# End Table



## M00sie1945 (Jan 19, 2020)

I first saw an end table, similar to this, at my accountant's house when I first started business. Many years later, my wife told me that we needed some small serving tables for when we were entertaining. I recalled the end table I had seen, designed something similar, and built it. Wife was happy.
The top drawer is just what it looks like & is handy for storing coasters & things. The bottom 4 pull out & open up to become handy little serving tables.


----------



## Stick486 (Jan 4, 2013)

ssswwweeeeetttt!!!


----------



## dman2 (Sep 4, 2019)

Great idea! Have you ever used all of the tables at the same time? One for each guest?


----------



## Bstrom (Jan 2, 2020)

Impressive - that you got all the dimensions and build details done so well with a repro project. And such a good memory...


----------



## DesertRatTom (Jul 3, 2012)

Holy Cow. That is inspired! The length of the table determines the height of the serving table/drawers. Do it would be possible to make taller tables if you wished and house them in a hall table or table behind a sofa. I love it.


----------



## JOAT (Apr 9, 2010)

Very nice. I'd never have one in my home, because that would imply that I like company. I don't. However, I think it would be great in my camper van - when and if I ever get that far. Still won't want company, but should be great for two people, snacking, and/or having coffee.


----------



## Stick486 (Jan 4, 2013)

Paul...

if you don't mind, what tooling, tools and whatnot did you use to create those works of art???
your what ya used may be a benefit to the other members...
could ya offer some commentary on your methods???


----------



## Herb Stoops (Aug 28, 2012)

One hellava idea! I like that. Hmmm I might be able to copy that. thanks for posting. 
Herb


----------



## Nickp (Dec 4, 2012)

Really slick idea...hidden tables...whoda thunk...

Great looking pieces...thanks for sharing...


----------



## woodworker47 (Dec 19, 2008)

Paul,

I really like this project. Nice work.

Frank


----------



## Multiwood (Feb 24, 2013)

I agree great idea nicely done Paul


----------



## sreilly (May 22, 2018)

JOAT said:


> Very nice. I'd never have one in my home, because that would imply that I like company. I don't. However, I think it would be great in my camper van - when and if I ever get that far. Still won't want company, but should be great for two people, snacking, and/or having coffee.


I get the feeling you have no issue with social distancing. >


----------



## Danman1957 (Mar 14, 2009)

Paul,

Wow ! , beautiful workmanship and great design. To see something and be able to re-create it several years later is a talent.
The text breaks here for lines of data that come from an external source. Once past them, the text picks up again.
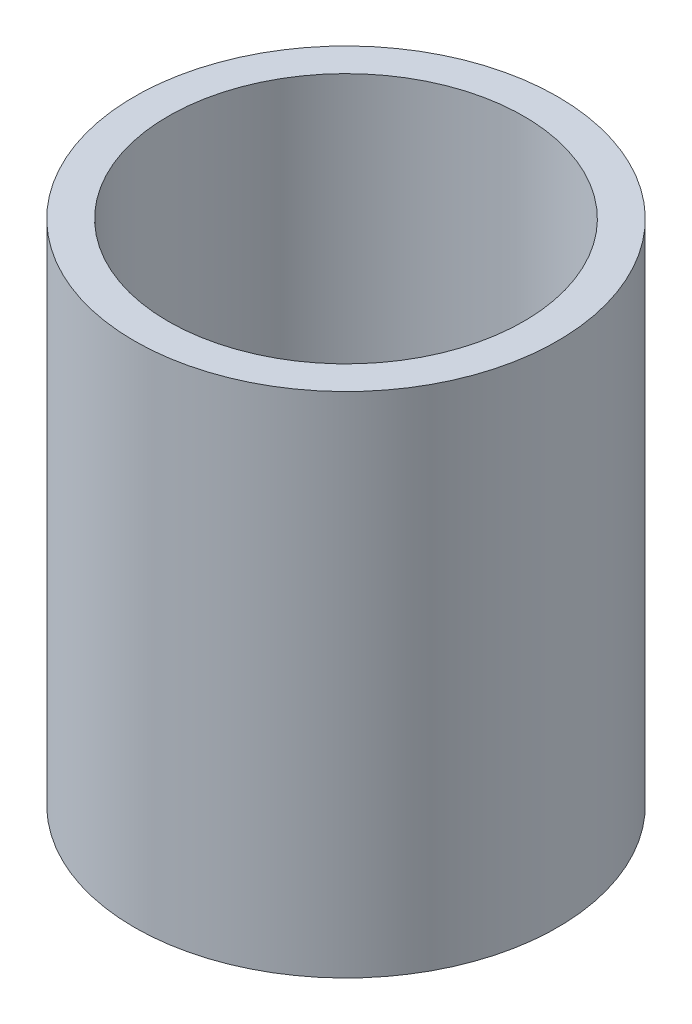
ISO-10303-21;
HEADER;
FILE_DESCRIPTION(('STEP AP214'),'2;1');
FILE_NAME('part.step','',(''),(''),'','','');
FILE_SCHEMA(('AUTOMOTIVE_DESIGN { 1 0 10303 214 1 1 1 1 }'));
ENDSEC;
DATA;
#1=APPLICATION_CONTEXT('core data for automotive mechanical design processes');
#2=APPLICATION_PROTOCOL_DEFINITION('international standard','automotive_design',2000,#1);
#3=PRODUCT_CONTEXT('',#1,'mechanical');
#4=PRODUCT('Part','Part','',(#3));
#5=PRODUCT_RELATED_PRODUCT_CATEGORY('part','',(#4));
#6=PRODUCT_DEFINITION_FORMATION('','',#4);
#7=PRODUCT_DEFINITION_CONTEXT('part definition',#1,'design');
#8=PRODUCT_DEFINITION('design','',#6,#7);
#9=PRODUCT_DEFINITION_SHAPE('','',#8);
#10=(LENGTH_UNIT() NAMED_UNIT(*) SI_UNIT(.MILLI.,.METRE.));
#11=(NAMED_UNIT(*) PLANE_ANGLE_UNIT() SI_UNIT($,.RADIAN.));
#12=(NAMED_UNIT(*) SI_UNIT($,.STERADIAN.) SOLID_ANGLE_UNIT());
#13=UNCERTAINTY_MEASURE_WITH_UNIT(LENGTH_MEASURE(1.E-05),#10,'distance_accuracy_value','');
#14=(GEOMETRIC_REPRESENTATION_CONTEXT(3) GLOBAL_UNCERTAINTY_ASSIGNED_CONTEXT((#13)) GLOBAL_UNIT_ASSIGNED_CONTEXT((#10,
#11,#12)) REPRESENTATION_CONTEXT('',''));
#15=CARTESIAN_POINT('',(0.,0.,0.));
#16=DIRECTION('',(0.,0.,1.));
#17=DIRECTION('',(1.,0.,0.));
#18=AXIS2_PLACEMENT_3D('',#15,#16,#17);
#19=CARTESIAN_POINT('',(0.,30.,0.));
#20=DIRECTION('',(0.,1.,0.));
#21=DIRECTION('',(0.,0.,1.));
#22=AXIS2_PLACEMENT_3D('',#19,#20,#21);
#23=PLANE('',#22);
#24=CARTESIAN_POINT('',(0.,30.,0.));
#25=DIRECTION('',(0.,1.,0.));
#26=DIRECTION('',(0.,0.,1.));
#27=AXIS2_PLACEMENT_3D('',#24,#25,#26);
#28=CIRCLE('',#27,12.5);
#29=CARTESIAN_POINT('',(0.,30.,12.5));
#30=VERTEX_POINT('',#29);
#31=EDGE_CURVE('E10',#30,#30,#28,.T.);
#32=ORIENTED_EDGE('',*,*,#31,.T.);
#33=EDGE_LOOP('',(#32));
#34=FACE_BOUND('',#33,.T.);
#35=CARTESIAN_POINT('',(0.,30.,0.));
#36=DIRECTION('',(0.,1.,0.));
#37=DIRECTION('',(0.,0.,1.));
#38=AXIS2_PLACEMENT_3D('',#35,#36,#37);
#39=CIRCLE('',#38,10.5);
#40=CARTESIAN_POINT('',(0.,30.,10.5));
#41=VERTEX_POINT('',#40);
#42=EDGE_CURVE('E54',#41,#41,#39,.T.);
#43=ORIENTED_EDGE('',*,*,#42,.F.);
#44=EDGE_LOOP('',(#43));
#45=FACE_BOUND('',#44,.T.);
#46=ADVANCED_FACE('F41',(#34,#45),#23,.T.);
#47=CARTESIAN_POINT('',(0.,0.,0.));
#48=DIRECTION('',(0.,1.,0.));
#49=DIRECTION('',(0.,0.,1.));
#50=AXIS2_PLACEMENT_3D('',#47,#48,#49);
#51=PLANE('',#50);
#52=CARTESIAN_POINT('',(0.,0.,0.));
#53=DIRECTION('',(0.,1.,0.));
#54=DIRECTION('',(0.,0.,1.));
#55=AXIS2_PLACEMENT_3D('',#52,#53,#54);
#56=CIRCLE('',#55,12.5);
#57=CARTESIAN_POINT('',(0.,0.,12.5));
#58=VERTEX_POINT('',#57);
#59=EDGE_CURVE('E45',#58,#58,#56,.T.);
#60=ORIENTED_EDGE('',*,*,#59,.F.);
#61=EDGE_LOOP('',(#60));
#62=FACE_BOUND('',#61,.T.);
#63=CARTESIAN_POINT('',(0.,0.,0.));
#64=DIRECTION('',(0.,1.,0.));
#65=DIRECTION('',(0.,0.,1.));
#66=AXIS2_PLACEMENT_3D('',#63,#64,#65);
#67=CIRCLE('',#66,10.5);
#68=CARTESIAN_POINT('',(0.,0.,10.5));
#69=VERTEX_POINT('',#68);
#70=EDGE_CURVE('E56',#69,#69,#67,.T.);
#71=ORIENTED_EDGE('',*,*,#70,.T.);
#72=EDGE_LOOP('',(#71));
#73=FACE_BOUND('',#72,.T.);
#74=ADVANCED_FACE('F68',(#62,#73),#51,.F.);
#75=CARTESIAN_POINT('',(0.,30.,0.));
#76=DIRECTION('',(0.,-1.,0.));
#77=DIRECTION('',(0.,0.,-1.));
#78=AXIS2_PLACEMENT_3D('',#75,#76,#77);
#79=CYLINDRICAL_SURFACE('',#78,12.5);
#80=ORIENTED_EDGE('',*,*,#31,.F.);
#81=EDGE_LOOP('',(#80));
#82=FACE_BOUND('',#81,.T.);
#83=ORIENTED_EDGE('',*,*,#59,.T.);
#84=EDGE_LOOP('',(#83));
#85=FACE_BOUND('',#84,.T.);
#86=ADVANCED_FACE('F43',(#82,#85),#79,.T.);
#87=CARTESIAN_POINT('',(0.,30.,0.));
#88=DIRECTION('',(0.,-1.,0.));
#89=DIRECTION('',(0.,0.,-1.));
#90=AXIS2_PLACEMENT_3D('',#87,#88,#89);
#91=CYLINDRICAL_SURFACE('',#90,10.5);
#92=ORIENTED_EDGE('',*,*,#42,.T.);
#93=EDGE_LOOP('',(#92));
#94=FACE_BOUND('',#93,.T.);
#95=ORIENTED_EDGE('',*,*,#70,.F.);
#96=EDGE_LOOP('',(#95));
#97=FACE_BOUND('',#96,.T.);
#98=ADVANCED_FACE('F64',(#94,#97),#91,.F.);
#99=CLOSED_SHELL('',(#46,#74,#86,#98));
#100=MANIFOLD_SOLID_BREP('B2',#99);
#101=ADVANCED_BREP_SHAPE_REPRESENTATION('',(#18,#100),#14);
#102=SHAPE_DEFINITION_REPRESENTATION(#9,#101);
ENDSEC;
END-ISO-10303-21;

I'm thinking along the lines that Herb said, I can picture that in my living room.

Dan


----------



## M00sie1945 (Jan 19, 2020)

Note To Those Who May BE Thinking of Duplicating This End Table

I've had a conversation with Stick when he suggested that perhaps I could post, not just pictures, but some information about how some of my projects were built. Don't expect a full set of plans, but some detail pictures along with suggestions on some basic design points to help you work out your own plans. Many of my projects can be varied in dimensions as may be required according to your needs. For example, my table was built much higher then most because of where it sits, tight against a wall on one side & just as tight against a high armed couch on the other. I just extended the legs so it was close to the height of the couch.

I appreciate all your good comments & I will try to answer any questions you may have. Paul


----------



## roxanne562001 (Feb 5, 2012)

Now that is cool. Nice work!!


----------



## Herb Stoops (Aug 28, 2012)

That is why I love this forum. Great new ideas popping up quite often and the willingness to share along with how to build them.
Thanks so much, Paul.
Herb


----------



## Gaffboat (Mar 11, 2012)

Very clever! There's a lot packed into a small space.


----------



## HoweA (Jul 31, 2013)

Agree with all the accolades. Your experience and talent shine thru. Unfortunately I would be lost trying to duplicate. Really appreciate your willingness to share. Looking forward to you expanding on the construction and future contributions.

TIA AL...


----------



## TenGees (Sep 12, 2012)

Nicely done, Paul.


----------



## [email protected] (Aug 20, 2019)

Beautifully done! I would love to see your plan, more pictures or rough sketch.


----------